"""

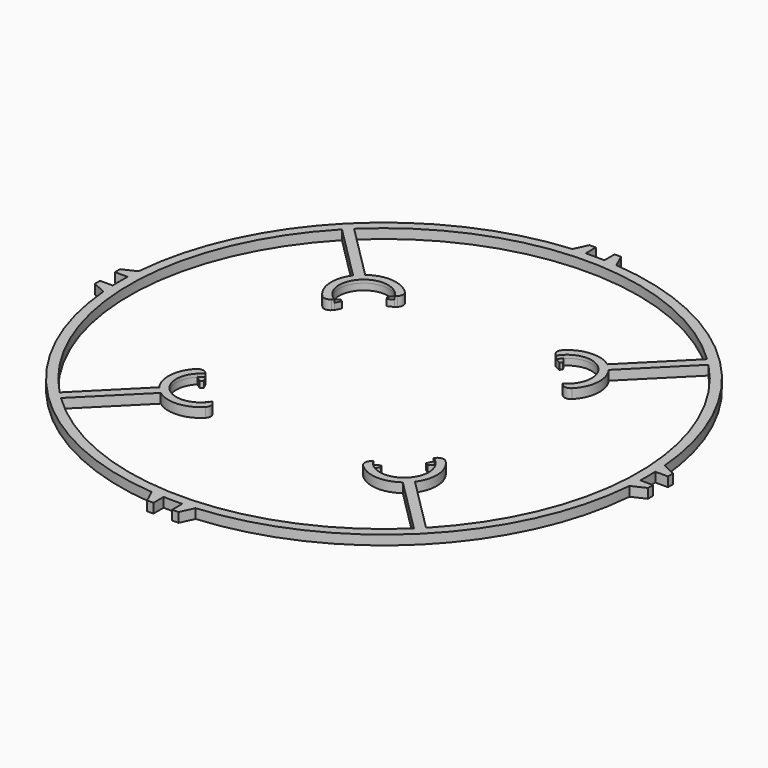
from build123d import *
from build123d import SkipClean  # not in build123d's __all__

# Parameters (mm, degrees)
F1_R     = 41.5
F2_DEPTH = 1.5
F3_R     = 3.85
F4_DEPTH = 0.5
F6_DEPTH = 1.5


with BuildPart() as f2:
    # F1 (on face) → F2 (new body)
    with BuildSketch(Plane.XY):
        Circle(F1_R)
        with BuildLine():
            ThreePointArc((-28.8093051541, -27.7493051541), (-40, 0), (-28.8093051541, 27.7493051541))
            Line((-28.8093051541, 27.7493051541), (-20.0970856452, 19.0370856452))
            ThreePointArc((-20.0970856452, 19.0370856452), (-21.086593154, 15.6304460992), (-19.6150738914, 12.4026063935))
            ThreePointArc((-19.6150738914, 12.4026063935), (-18.9074615459, 12.1079784401), (-18.1991290923, 12.4008709077))
            Line((-18.1991290923, 12.4008709077), (-17.9308268662, 12.6691731338))
            Line((-17.9308268662, 12.6691731338), (-17.4883090065, 13.565932825))
            Line((-17.4883090065, 13.565932825), (-17.9010595127, 13.8481331433))
            Line((-17.9010595127, 13.8481331433), (-18.7223611076, 13.2776388924))
            ThreePointArc((-18.7223611076, 13.2776388924), (-18.7223611076, 18.7223611076), (-13.2776388924, 18.7223611076))
            Line((-13.2776388924, 18.7223611076), (-13.8477912725, 17.9008221471))
            Line((-13.8477912725, 17.9008221471), (-13.5657589526, 17.4879568294))
            Line((-13.5657589526, 17.4879568294), (-12.6691731338, 17.9308268662))
            Line((-12.6691731338, 17.9308268662), (-12.4008709077, 18.1991290923))
            ThreePointArc((-12.4008709077, 18.1991290923), (-12.1079784401, 18.9074615459), (-12.4026063935, 19.6150738914))
            ThreePointArc((-12.4026063935, 19.6150738914), (-15.6304460992, 21.086593154), (-19.0370856452, 20.0970856452))
            Line((-19.0370856452, 20.0970856452), (-27.7493051541, 28.8093051541))
            ThreePointArc((-27.7493051541, 28.8093051541), (0, 40), (27.7493051541, 28.8093051541))
            Line((27.7493051541, 28.8093051541), (19.0370856452, 20.0970856452))
            ThreePointArc((19.0370856452, 20.0970856452), (15.6304460992, 21.086593154), (12.4026063935, 19.6150738914))
            ThreePointArc((12.4026063935, 19.6150738914), (12.1079784401, 18.9074615459), (12.4008709077, 18.1991290923))
            Line((12.4008709077, 18.1991290923), (12.6691731338, 17.9308268662))
            Line((12.6691731338, 17.9308268662), (13.565932825, 17.4883090065))
            Line((13.565932825, 17.4883090065), (13.8481331433, 17.9010595127))
            Line((13.8481331433, 17.9010595127), (13.2776388924, 18.7223611076))
            ThreePointArc((13.2776388924, 18.7223611076), (18.7223611076, 18.7223611076), (18.7223611076, 13.2776388924))
            Line((18.7223611076, 13.2776388924), (17.9008221471, 13.8477912725))
            Line((17.9008221471, 13.8477912725), (17.4879568294, 13.5657589526))
            Line((17.4879568294, 13.5657589526), (17.9308268662, 12.6691731338))
            Line((17.9308268662, 12.6691731338), (18.1991290923, 12.4008709077))
            ThreePointArc((18.1991290923, 12.4008709077), (18.9074615459, 12.1079784401), (19.6150738914, 12.4026063935))
            ThreePointArc((19.6150738914, 12.4026063935), (21.086593154, 15.6304460992), (20.0970856452, 19.0370856452))
            Line((20.0970856452, 19.0370856452), (28.8093051541, 27.7493051541))
            ThreePointArc((28.8093051541, 27.7493051541), (40, 0), (28.8093051541, -27.7493051541))
            Line((28.8093051541, -27.7493051541), (20.0970856452, -19.0370856452))
            ThreePointArc((20.0970856452, -19.0370856452), (21.086593154, -15.6304460992), (19.6150738914, -12.4026063935))
            ThreePointArc((19.6150738914, -12.4026063935), (18.9074615459, -12.1079784401), (18.1991290923, -12.4008709077))
            Line((18.1991290923, -12.4008709077), (17.9308268662, -12.6691731338))
            Line((17.9308268662, -12.6691731338), (17.4883090065, -13.565932825))
            Line((17.4883090065, -13.565932825), (17.9010595127, -13.8481331433))
            Line((17.9010595127, -13.8481331433), (18.7223611076, -13.2776388924))
            ThreePointArc((18.7223611076, -13.2776388924), (18.7223611076, -18.7223611076), (13.2776388924, -18.7223611076))
            Line((13.2776388924, -18.7223611076), (13.8477912725, -17.9008221471))
            Line((13.8477912725, -17.9008221471), (13.5657589526, -17.4879568294))
            Line((13.5657589526, -17.4879568294), (12.6691731338, -17.9308268662))
            Line((12.6691731338, -17.9308268662), (12.4008709077, -18.1991290923))
            ThreePointArc((12.4008709077, -18.1991290923), (12.1079784401, -18.9074615459), (12.4026063935, -19.6150738914))
            ThreePointArc((12.4026063935, -19.6150738914), (15.6304460992, -21.086593154), (19.0370856452, -20.0970856452))
            Line((19.0370856452, -20.0970856452), (27.7493051541, -28.8093051541))
            ThreePointArc((27.7493051541, -28.8093051541), (0, -40), (-27.7493051541, -28.8093051541))
            Line((-27.7493051541, -28.8093051541), (-19.0370856452, -20.0970856452))
            ThreePointArc((-19.0370856452, -20.0970856452), (-15.6304460992, -21.086593154), (-12.4026063935, -19.6150738914))
            ThreePointArc((-12.4026063935, -19.6150738914), (-12.1079784401, -18.9074615459), (-12.4008709077, -18.1991290923))
            Line((-12.4008709077, -18.1991290923), (-12.6691731338, -17.9308268662))
            Line((-12.6691731338, -17.9308268662), (-13.565932825, -17.4883090065))
            Line((-13.565932825, -17.4883090065), (-13.8481331433, -17.9010595127))
            Line((-13.8481331433, -17.9010595127), (-13.2776388924, -18.7223611076))
            ThreePointArc((-13.2776388924, -18.7223611076), (-18.7223611076, -18.7223611076), (-18.7223611076, -13.2776388924))
            Line((-18.7223611076, -13.2776388924), (-17.9008221471, -13.8477912725))
            Line((-17.9008221471, -13.8477912725), (-17.4879568294, -13.5657589526))
            Line((-17.4879568294, -13.5657589526), (-17.9308268662, -12.6691731338))
            Line((-17.9308268662, -12.6691731338), (-18.1991290923, -12.4008709077))
            ThreePointArc((-18.1991290923, -12.4008709077), (-18.9074615459, -12.1079784401), (-19.6150738914, -12.4026063935))
            ThreePointArc((-19.6150738914, -12.4026063935), (-21.086593154, -15.6304460992), (-20.0970856452, -19.0370856452))
            Line((-20.0970856452, -19.0370856452), (-28.8093051541, -27.7493051541))
        make_face(mode=Mode.SUBTRACT)
    extrude(amount=F2_DEPTH)

    # F3 (on face) → F4 (cut)
    with BuildSketch(Plane.XY.offset(1.5)):
        with Locations((-16, 16)):
            Circle(F3_R)
        with Locations((-16, -16)):
            Circle(F3_R)
        with Locations((16, -16)):
            Circle(F3_R)
        with Locations((16, 16)):
            Circle(F3_R)
    with SkipClean():  # cleaning this boolean's faces spoils the solid; the shape is the same uncleaned
        extrude(amount=-F4_DEPTH, mode=Mode.SUBTRACT)

    # F5 (on Top) → F6 (join)
    with BuildSketch(Plane.XY):
        Polygon((-1.47, 41.4739568886), (-1.47, 43.4739568886), (-2.47, 43.4739568886), (-3.4575279787, 41.3557190758), align=None)
        Polygon((2.47, 43.4739568886), (1.47, 43.4739568886), (1.47, 41.4739568886), (3.4575279787, 41.3557190758), align=None)
        Polygon((-43.4739568886, 2.47), (-43.4739568886, 1.47), (-41.4739568886, 1.47), (-41.3557190758, 3.4575279787), align=None)
        Polygon((-41.4739568886, -1.47), (-43.4739568886, -1.47), (-43.4739568886, -2.47), (-41.3557190758, -3.4575279787), align=None)
        Polygon((-2.47, -43.4739568886), (-1.47, -43.4739568886), (-1.47, -41.4739568886), (-3.4575279787, -41.3557190758), align=None)
        Polygon((1.47, -41.4739568886), (1.47, -43.4739568886), (2.47, -43.4739568886), (3.4575279787, -41.3557190758), align=None)
        Polygon((43.4739568886, -2.47), (43.4739568886, -1.47), (41.4739568886, -1.47), (41.3557190758, -3.4575279787), align=None)
        Polygon((41.4739568886, 1.47), (43.4739568886, 1.47), (43.4739568886, 2.47), (41.3557190758, 3.4575279787), align=None)
    extrude(amount=F6_DEPTH)


solid = f2.part
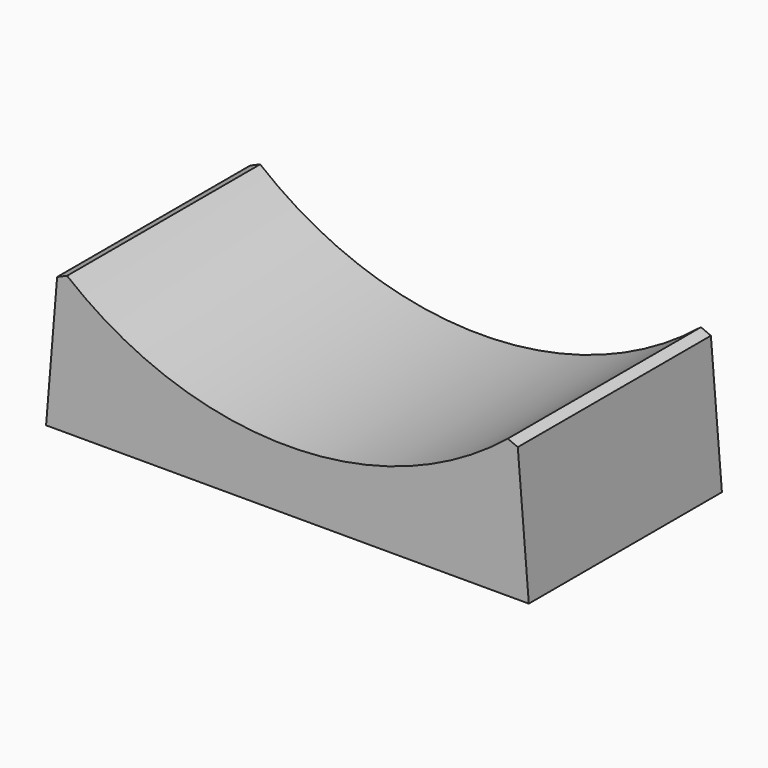
from build123d import *

# Parameters (mm, degrees)
F1_DEPTH    = 25.4
F2_T1_DEPTH = 31.742344746


# Not quite as in the source:
# - a fillet or chamfer that OpenCascade refuses, or shapes differently, is made with other operations: its cross-section is extruded or revolved along the edge and cut away or added


with BuildPart() as f1:
    # F0 (on Front) → F1 (new body)
    with BuildSketch(Plane.XZ):
        with BuildLine():
            Line((1.2633143634, 15.3614934534), (0, 0))
            Line((0, 0), (50.8, 0))
            Line((50.8, 0), (49.5366856366, 15.3614934534))
            ThreePointArc((49.5366856366, 15.3614934534), (25.4, 6.35), (1.2633143634, 15.3614934534))
        make_face()
    extrude(amount=F1_DEPTH)

    # F2: chamfer of 1.27 on 2 edges, made by hand

    # F2_s2 → F2_t1 (cut)
    with BuildSketch(Plane.XZ.offset(-3.171172373)):
        with BuildLine():
            Line((2.2549090841, 14.5889641953), (1.1146425309, 14.1017672287))
            Line((1.1146425309, 14.1017672287), (1.089327991, 14.103849072))
            ThreePointArc((1.089327991, 14.103849072), (1.1860490936, 14.7318712483), (1.2379998236, 15.3635752967))
            Line((1.2379998236, 15.3635752967), (1.2799603535, 15.3806786304))
            ThreePointArc((1.2799603535, 15.3806786304), (1.7575594643, 14.9733769005), (2.2709034327, 14.6086959162))
            Line((2.2709034327, 14.6086959162), (2.2549090841, 14.5889641953))
        make_face()
        with BuildLine():
            Line((48.5450909159, 14.5889641953), (49.6853574691, 14.1017672287))
            Line((49.6853574691, 14.1017672287), (49.710672009, 14.103849072))
            ThreePointArc((49.710672009, 14.103849072), (49.6139509064, 14.7318712483), (49.5620001764, 15.3635752967))
            Line((49.5620001764, 15.3635752967), (49.5200396465, 15.3806786304))
            ThreePointArc((49.5200396465, 15.3806786304), (49.0424405357, 14.9733769005), (48.5290965673, 14.6086959162))
            Line((48.5290965673, 14.6086959162), (48.5450909159, 14.5889641953))
        make_face()
    extrude(amount=F2_T1_DEPTH, mode=Mode.SUBTRACT)


solid = f1.part

"""

- What is expected -
Your answer should contain only the lines from the beginning of the listing above through the line with "27.7493051541), (-20.0970856452, 19.0370856452))", copied exactly and without the pictures.

- Response to this task -
from build123d import *
from build123d import SkipClean  # not in build123d's __all__

# Parameters (mm, degrees)
F1_R     = 41.5
F2_DEPTH = 1.5
F3_R     = 3.85
F4_DEPTH = 0.5
F6_DEPTH = 1.5


with BuildPart() as f2:
    # F1 (on face) → F2 (new body)
    with BuildSketch(Plane.XY):
        Circle(F1_R)
        with BuildLine():
            ThreePointArc((-28.8093051541, -27.7493051541), (-40, 0), (-28.8093051541, 27.7493051541))
            Line((-28.8093051541, 27.7493051541), (-20.0970856452, 19.0370856452))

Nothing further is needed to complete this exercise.